What are the consequences if START ratification fails?
Josh Rogin – Foreign Policy
Monday, July 19, 2010 – 2:55 PM
The conventional wisdom in Washington is that President Obama’s strategic arms-control treaty with Russia will be eventually ratified by the Senate, with a smattering of reluctant GOP votes. But what if that doesn’t happen?
The possibility of the treaty being rejected or stalled indefinitely is a real one. The center of gravity on the Senate side is around Sens. Jon Kyl, R-AZ, and John McCain, R-AZ, neither of whom has revealed yet which way they will vote. Interested but less-involved senators like Bob Corker, R-TN, are likely to follow their lead.
It’s been reported that Kyl is in negotiations now, bargaining for concessions, such as more money for nuclear modernization or guarantees that missile defense won’t fall victim to the treaty. But in the end, there’s no assurance he will vote yes, and the treaty could be voted down or pulled from consideration. That would be a huge setback for U.S. credibility abroad and the Obama administration’s entire arms-control agenda, according to experts, former officials, and foreign diplomats.
“If this were to go down, the ripple effect consequences around the world would be the worst possible outcome we’ve seen since World War II,” said former Sen. Chuck Hagel, the Nebraska Republican who currently co-chair’s Obama’s Foreign Intelligence Advisory Board. “It would set in motion the disintegration of any confidence in the leadership of the two major nuclear powers to deal with this and it would set in motion a disintegration of any structural boundaries and capacities to deal with this. This would devastating not just for arms control but for security interests worldwide.”
While New START is a deal between the U.S. and Russia, which account for approximately 90 percent of the world’s nuclear weapons, its defeat would harm international efforts to later bring other nuclear powers into an arms-control regime, according to former Democratic Senator Gary Hart.

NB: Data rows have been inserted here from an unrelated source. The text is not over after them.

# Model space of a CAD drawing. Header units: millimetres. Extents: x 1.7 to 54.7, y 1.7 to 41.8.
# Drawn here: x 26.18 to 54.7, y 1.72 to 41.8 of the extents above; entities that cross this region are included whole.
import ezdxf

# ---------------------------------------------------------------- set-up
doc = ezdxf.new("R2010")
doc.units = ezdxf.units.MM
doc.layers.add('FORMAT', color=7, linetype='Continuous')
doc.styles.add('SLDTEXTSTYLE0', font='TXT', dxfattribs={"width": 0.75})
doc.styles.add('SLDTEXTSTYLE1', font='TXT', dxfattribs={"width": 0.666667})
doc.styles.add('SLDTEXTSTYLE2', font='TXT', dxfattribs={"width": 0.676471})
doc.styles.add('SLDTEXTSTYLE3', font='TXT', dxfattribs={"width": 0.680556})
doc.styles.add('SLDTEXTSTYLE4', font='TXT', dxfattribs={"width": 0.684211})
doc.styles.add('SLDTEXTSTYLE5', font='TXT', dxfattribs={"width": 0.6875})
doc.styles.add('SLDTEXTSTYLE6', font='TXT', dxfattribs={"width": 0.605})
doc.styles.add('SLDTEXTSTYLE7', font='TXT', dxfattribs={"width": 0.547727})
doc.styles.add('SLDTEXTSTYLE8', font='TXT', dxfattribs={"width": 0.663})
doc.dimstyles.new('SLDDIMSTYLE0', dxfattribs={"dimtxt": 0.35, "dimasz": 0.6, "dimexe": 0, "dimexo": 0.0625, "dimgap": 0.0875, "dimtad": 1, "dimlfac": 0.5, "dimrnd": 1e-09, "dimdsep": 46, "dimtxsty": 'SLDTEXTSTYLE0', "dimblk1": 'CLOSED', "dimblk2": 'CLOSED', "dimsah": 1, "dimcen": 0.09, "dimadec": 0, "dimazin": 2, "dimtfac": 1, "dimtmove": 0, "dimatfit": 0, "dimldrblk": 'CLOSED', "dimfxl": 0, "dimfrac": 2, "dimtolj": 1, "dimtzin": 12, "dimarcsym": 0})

“The two of us have the greatest burden, but sooner or later we want to bring in China and our European allies that have nuclear arsenals and see how far we can go,” Hart said. “But it must begin with us and the Russians, and if we turn our back… it’s a giant step backward and it would set back our diplomacy, foreign policy, and national security in serious ways.”
Meanwhile, European allies are growing frustrated with the slow pace of the Obama administration’s arms-control agenda. Several European diplomats have told The Cable they are aware of the difficulties of Senate ratification but nevertheless feel they were given assurances by the administration and are looking to Obama to get it done.
“From the European point of view, nobody can understand why the START treaty has not been ratified,” said France’s Ambassador to Washington Pierre Vimont, “When we send cables back home saying that START might not be ratified, they ask us ‘What have you been drinking?'”
Arms-control advocates are concerned that the basic agreement that was struck between nuclear and non-nuclear countries in the Nuclear Non-Proliferation Treaty (NPT) — that the “have nots” would forgo building nukes if the “haves” promised to move toward eliminating their stockpiles — is in jeopardy.
Some, like treaty supporter Sen. Richard Lugar, R-IN, argue that the basic idea of getting to zero nuclear weapons is so controversial, it shouldn’t even be part of the START sales pitch.
“I don’t fault … President Obama for talking about a world without nuclear weapons, but neither do I think it is a particularly good idea to express the process in that way,” Lugar said. “Talk of ‘no nukes’ also invites opposition from those who see it as a sign of weakness in those who lack the backbone to face the world as it is. I don’t think that criticism is fair, but it’s out there.”
A failure to ratify New START would not only risk the NPT and the goal of eliminating nukes, advocates of passage say, it would also spell trouble for the rest of the Obama administration’s arms-control agenda, including the president’s promise to seek ratification of the Comprehensive Test Ban Treaty (CTBT) and then pursue a Fissile Material Cutoff Treaty, which would seek to end the production of weapons grade nuclear material.
When the Senate last voted on CTBT in 1999, which was also the last time the Senate had a contentious debate over arms control, its defeat was a huge blow for the Clinton administration and no arms-control debates have been see on the Senate floor since.
“The alternative [to ratification] is no START treaty, no verification, a clear setback to U.S.-Russian relations and widespread questioning of U.S. ability to carry forth international agreements if we can’t get this treaty through,” said John Isaacs, executive director of the Council for a Livable World.
He said that CTBT would be a difficult treaty to ratify in any case, and after the November elections, the potential presence of more GOP senators will make it that much harder.
“The ultimate lesson of New START is that nothing’s easy,” he said.